1) Receptor – In this example, the receptors for temperature change are scattered throughout the body to include the skin. They send the temperature signals to the control center.
2) Control Center– The hypothalamus region of the brain acts as the “thermostat” and responds if the temperature is above or below the “set point” of 98.6˚F.
3) Effector – Muscles and glands are the effectors as they respond to the signals from the brain to produce heat by shivering, or in the case of increased body temperature, to sweat as a way of cooling the body.
Check for understanding:
- Negative feedback mechanisms are _________in nature, meaning they oppose the change from the “set point” causing the opposite effect.
-The effector in thermoregulation when the temperature is 96 ˚F is the __________.
A. sweat glands
B. muscles
C. glucose
-What are the 3 basic components of a negative feedback mechanism?
-After you eat breakfast, nerve cells in your stomach respond to the stretching resulting from the food. They relay this information to ________.
A. a control center
B. effectors
C. receptor
Blood Sugar Response
In controlling the blood glucose level, certain cells (Alpha and Beta) in the pancreas detect the level of glucose in the blood. They then respond appropriately to keep the level of blood glucose within the normal range.
Rising Blood Sugar Response:
If the blood glucose level rises above the normal range, pancreatic beta cells release the hormone insulin into the bloodstream.
Insulin signals cells to take up the excess glucose from the blood until the level of blood glucose decreases to the normal range.
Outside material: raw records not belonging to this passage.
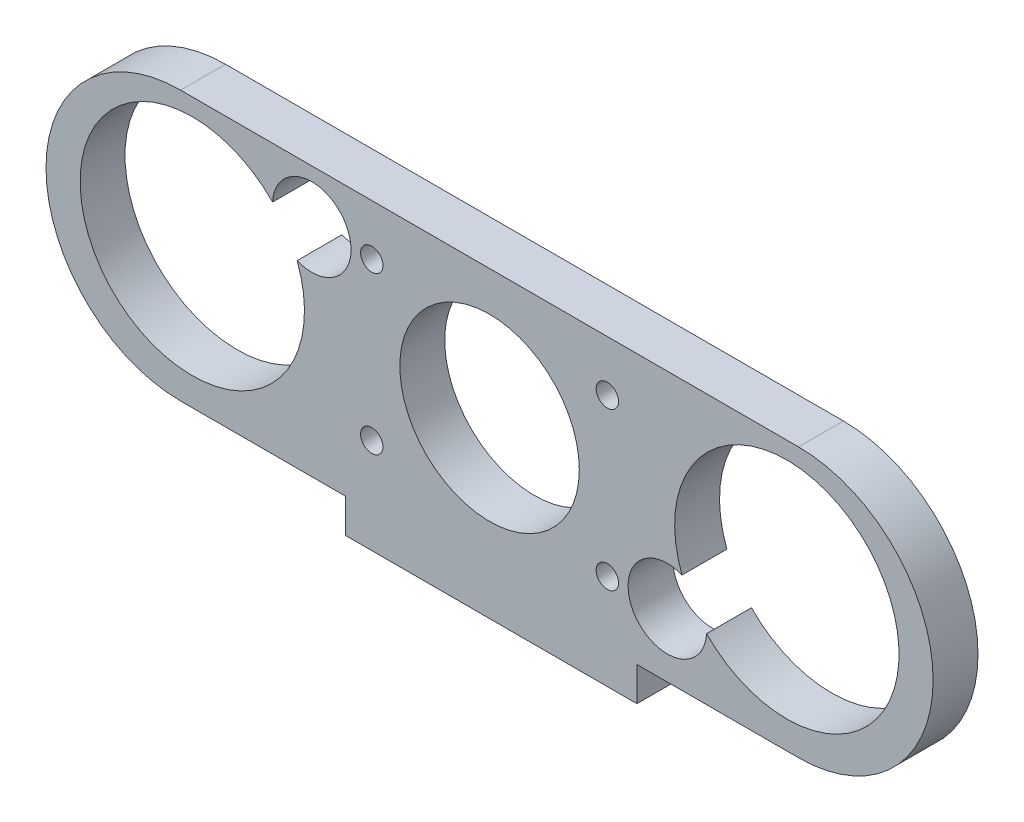
from build123d import *

# Parameters (mm, degrees)
SKETCH2_R           = 1
SKETCH2_R_2         = 8
BOSS_EXTRUDE2_DEPTH = 4


with BuildPart() as part:
    # Sketch2 → Boss-Extrude2 (new body)
    with BuildSketch(Plane.XY):
        with BuildLine():
            Line((-18.567970323, 27.379059863), (36.515267991, 27.379059863))
            ThreePointArc((36.515267991, 27.379059863), (48.515267991, 15.379059863), (36.515267991, 3.379059863))
            Line((36.515267991, 3.379059863), (22.110149126, 3.379059863))
            Line((22.110149126, 3.379059863), (22.110149126, 0.351018879))
            Line((22.110149126, 0.351018879), (-3.889850874, 0.351018879))
            Line((-3.889850874, 0.351018879), (-3.889850874, 3.379059863))
            Line((-3.889850874, 3.379059863), (-18.567970323, 3.379059863))
            ThreePointArc((-18.567970323, 3.379059863), (-30.567970323, 15.379059863), (-18.567970323, 27.379059863))
        make_face()
        with Locations((-1.526351166, 22.851018879)):
            Circle(SKETCH2_R, mode=Mode.SUBTRACT)
        with Locations((19.473648834, 22.851018879)):
            Circle(SKETCH2_R, mode=Mode.SUBTRACT)
        with Locations((-1.526351166, 8.851018879)):
            Circle(SKETCH2_R, mode=Mode.SUBTRACT)
        with Locations((19.473648834, 8.851018879)):
            Circle(SKETCH2_R, mode=Mode.SUBTRACT)
        with Locations((8.973648834, 15.851018879)):
            Circle(SKETCH2_R_2, mode=Mode.SUBTRACT)
        with BuildLine():
            ThreePointArc((-10.371103668, 22.836892714), (-25.952222618, 10.465418608), (-8.181666286, 19.411477345))
            ThreePointArc((-8.181666286, 19.411477345), (-3.926588869, 24.543637074), (-10.371103668, 22.836892714))
        make_face(mode=Mode.SUBTRACT)
        with BuildLine():
            ThreePointArc((28.318401336, 8.865145043), (43.899520286, 21.236619149), (26.128963954, 12.290560412))
            ThreePointArc((26.128963954, 12.290560412), (21.873886537, 7.158400683), (28.318401336, 8.865145043))
        make_face(mode=Mode.SUBTRACT)
    extrude(amount=BOSS_EXTRUDE2_DEPTH)


solid = part.part

Insulin LOWERS blood sugar when blood sugar goes up
Falling Blood Sugar Response:
If the blood glucose level falls below the normal range, pancreatic alpha cells release the hormone glucagon into the bloodstream.
Glucagon signals cells to break down stored glycogen to glucose and release the glucose into the blood until the level of blood glucose increases to the normal range.
Glucagon RAISES blood sugar when the blood sugar falls
Diabetes:
The set point (normal) for blood glucose level is 70-100 mg/dL
Diabetes is diagnosed in people who have abnormally high levels of blood glucose after fasting for at least 12 hours.
A fasting level of blood glucose below 100 is normal. A level between 100 and 125 places you in the pre-diabetes category, and a level higher than 125 results in a diagnosis of diabetes.